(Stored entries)

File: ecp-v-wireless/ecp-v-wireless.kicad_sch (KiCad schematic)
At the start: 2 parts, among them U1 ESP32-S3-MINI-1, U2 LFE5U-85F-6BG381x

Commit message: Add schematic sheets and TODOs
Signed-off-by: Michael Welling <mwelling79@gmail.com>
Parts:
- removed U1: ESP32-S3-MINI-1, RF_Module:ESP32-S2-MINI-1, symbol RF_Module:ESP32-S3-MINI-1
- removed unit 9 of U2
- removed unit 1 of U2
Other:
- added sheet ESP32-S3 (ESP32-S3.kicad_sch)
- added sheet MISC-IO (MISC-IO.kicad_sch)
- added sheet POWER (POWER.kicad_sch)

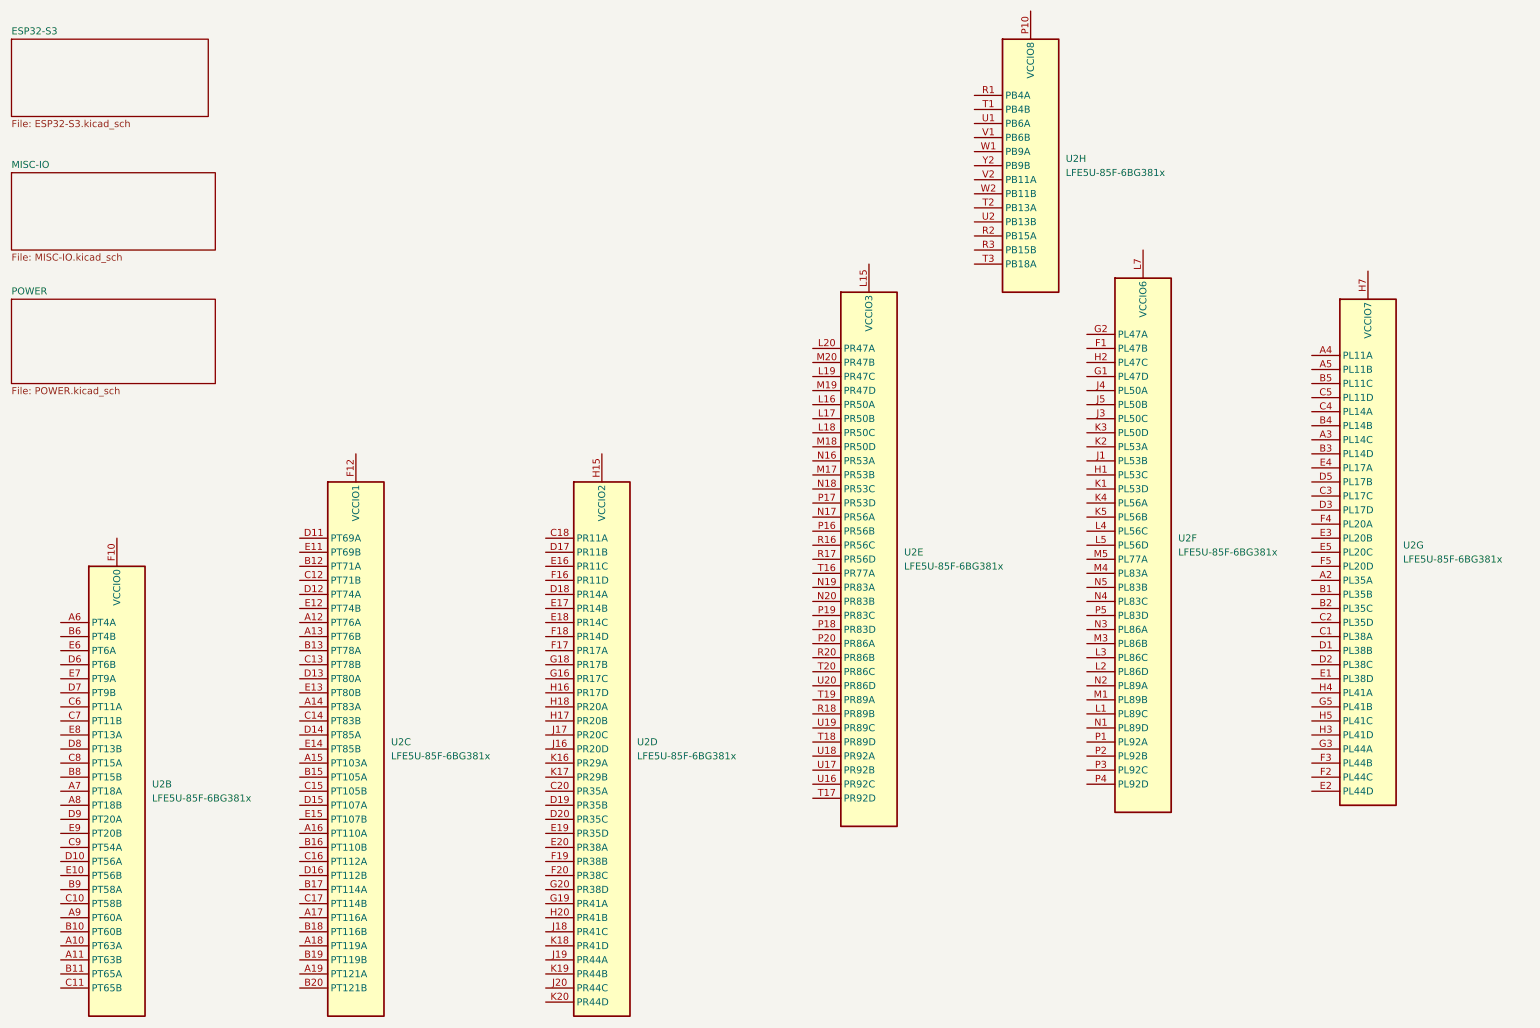
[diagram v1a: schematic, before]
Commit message: Add block diagram, USB, LiPo MGMT, Regs, etc
Signed-off-by: Michael Welling <mwelling79@gmail.com>
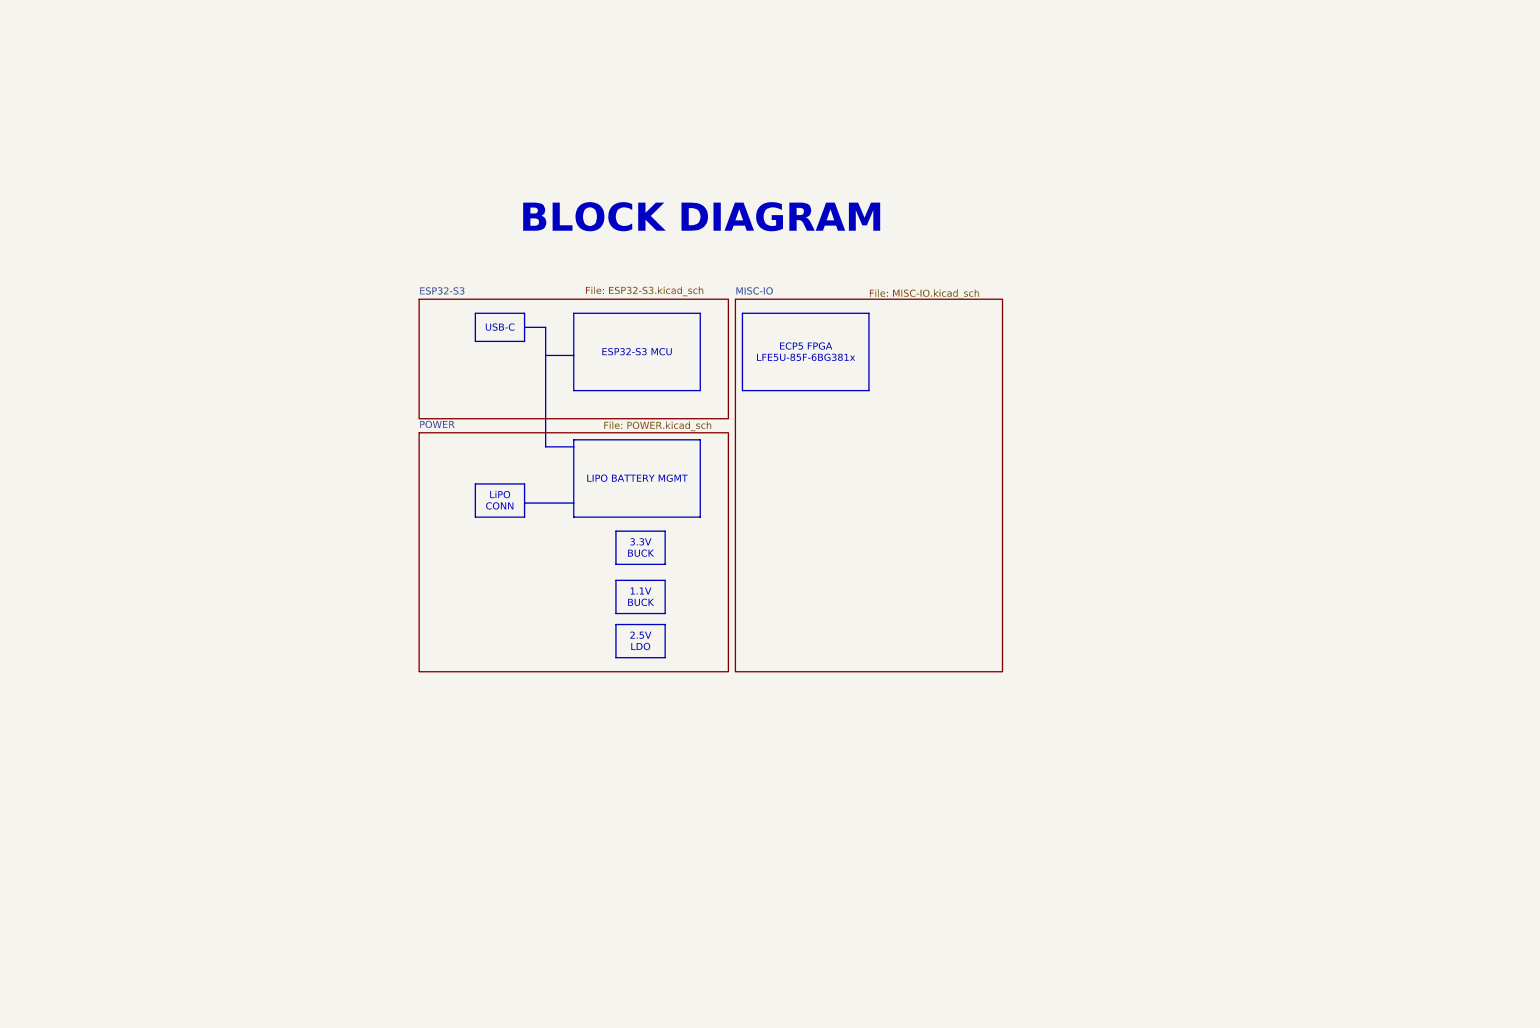
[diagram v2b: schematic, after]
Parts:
- removed U2: LFE5U-85F-6BG381x, Package_BGA:Lattice_caBGA-381_17x17mm_Layout20x20_P0.8mm, symbol FPGA_Lattice:LFE5U-85F-6BG381x
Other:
- note added: "BLOCK DIAGRAM"

** WHAT THIS TASK INVOLVES **
Write the entries out in full and exactly, omitting every picture.

** SOLUTION TO THIS TASK **
File: ecp-v-wireless/ecp-v-wireless.kicad_sch (KiCad schematic)
At the start: 2 parts, among them U1 ESP32-S3-MINI-1, U2 LFE5U-85F-6BG381x

Commit message: Add schematic sheets and TODOs
Signed-off-by: Michael Welling <mwelling79@gmail.com>
Parts:
- removed U1: ESP32-S3-MINI-1, RF_Module:ESP32-S2-MINI-1, symbol RF_Module:ESP32-S3-MINI-1
- removed unit 9 of U2
- removed unit 1 of U2
Other:
- added sheet ESP32-S3 (ESP32-S3.kicad_sch)
- added sheet MISC-IO (MISC-IO.kicad_sch)
- added sheet POWER (POWER.kicad_sch)

[diagram v1a: schematic, before]
Commit message: Add block diagram, USB, LiPo MGMT, Regs, etc
Signed-off-by: Michael Welling <mwelling79@gmail.com>
[diagram v2b: schematic, after]
Parts:
- removed U2: LFE5U-85F-6BG381x, Package_BGA:Lattice_caBGA-381_17x17mm_Layout20x20_P0.8mm, symbol FPGA_Lattice:LFE5U-85F-6BG381x
Other:
- note added: "BLOCK DIAGRAM"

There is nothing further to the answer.